One man's view of theology, sports, politics, and whatever else in life that happens to interest me. A little bit about me.

Thursday, February 19, 2015

TOMS: Luke 5

For an introduction to this series, click here.

Feb. 19, 2007

This chapter opens with the conversion of Peter. Peter is the primary secondary (does that make sense?) character of the Gospels, especially the first three. Jesus was teaching by the shore of the "lake of Genessaret" (interesting side note: Luke never calls the Sea of Galilee a "sea." He had likely traversed the Mediterranean lots of times. That was a real sea. There was no way Luke was going to call a little body of water like the Galilee a sea.) and He got into Peter's boat. After He finished, He told Peter to go out and let down his nets for a big catch. Peter disputed, and basically told Jesus he was going to do it just to humor Him. I think he was hoping to prove Jesus wrong. When they caught so many fish their boat began to sink, Peter cried out, "Depart from me, for I am a sinful man, O Lord." (5:8)
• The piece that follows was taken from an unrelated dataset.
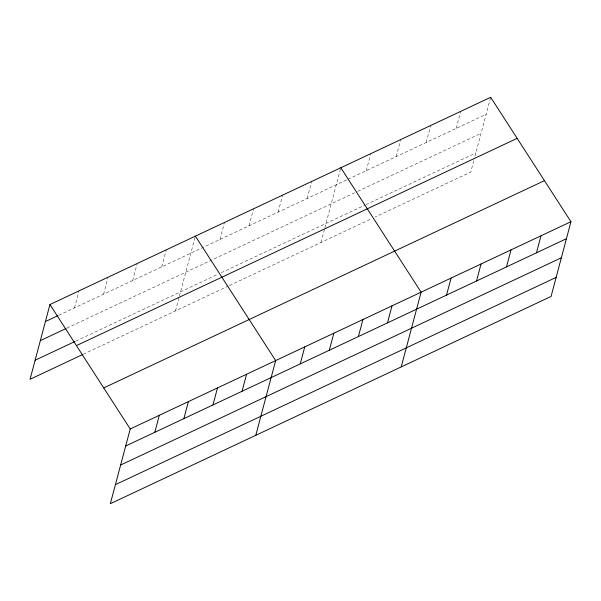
<?xml version="1.0" encoding="UTF-8"?>
<svg xmlns="http://www.w3.org/2000/svg" width="601" height="601" viewBox="0 0 601 601"><rect width="100%" height="100%" fill="white"/><g stroke="black" fill="none" stroke-linecap="round" stroke-linejoin="round"><path stroke-width="0.45" stroke-dasharray="3 2.25" d="M74.494 307.885L79.024 290.869M103.582 294.205L108.112 277.189M132.671 280.524L137.201 263.508M161.759 266.844L166.289 249.836M175.492 310.89L179.173 297.037M179.406 296.173L195.378 236.155M219.936 239.491L224.466 222.475M249.024 225.811L253.554 208.795M278.113 212.13L282.643 195.115M307.201 198.45L311.724 181.434M320.926 242.496L324.615 228.643M324.848 227.779L340.812 167.754M366.257 170.676L370.787 153.661M396.224 156.583L400.754 139.567M426.199 142.49L430.722 125.474M456.167 128.396L460.689 111.38M473.768 160.775L470.778 172.029L375.039 217.051M474.925 156.44L490.664 97.287M58.71 315.307L347.108 179.684M347.941 179.293L486.134 114.303M66.936 328.108L357.024 191.681M357.858 191.291L481.063 133.354M75.839 341.09L217.96 274.259M221.281 272.689L365.123 205.046M365.956 204.656L475.842 152.977M83.239 354.274L228.68 285.881M229.507 285.49L371.711 218.614"/><path stroke-width="0.9" d="M49.936 304.549L130.222 428.971L110.336 503.713L551.064 296.451L570.95 221.709L490.664 97.287L49.936 304.549L30.05 379.291L82.405 354.665M154.788 432.307L159.31 415.291M183.876 418.627L188.398 401.611M212.964 404.946L217.487 387.938M242.045 391.266L246.575 374.258M255.778 435.312L275.664 360.577L195.378 236.155M300.222 363.913L304.752 346.897M329.31 350.233L333.84 333.217M358.399 336.552L362.929 319.537M387.487 322.872L392.017 305.856M401.22 366.918L421.106 292.184L340.812 167.754M446.543 295.099L451.073 278.09M476.518 281.005L481.04 263.997M506.485 266.912L511.008 249.903M536.453 252.818L540.983 235.81M45.413 321.565L57.876 315.698M40.342 340.609L66.102 328.499M35.121 360.239L75.012 341.481M76.432 345.605L517.16 138.35M103.733 387.915L544.453 180.653M130.222 428.971L570.95 221.709M125.699 445.987L566.42 238.725M120.628 465.031L561.357 257.776M115.407 484.661L556.135 277.399"/></g></svg>

At what point does obedience trump motive? A case can certainly be made that it did in this story. Peter's words - "Master, we toiled all night and took nothing! But at your word I will let down the nets." (5:5) - tell us that at the very least Peter was just doing this to please Jesus, not because he believed Jesus would perform a miracle. We hear people say all the time that if we serve God with the wrong motives we aren't serving at all. At some point obviously that is true. Jesus said if we do good works for the praise of men, we lose our reward in heaven. But we don't apply that to other areas of life. God tells us stealing is wrong. If I really want something, and I'm just following the honest desires of my heart, does that make stealing OK? No. We honor God by obeying in that situation, even when our motive may not be the best and even if our obedience doesn't come from a heart of love for God's word. I'm not sure I have all the answers; it's just something I've been thinking about.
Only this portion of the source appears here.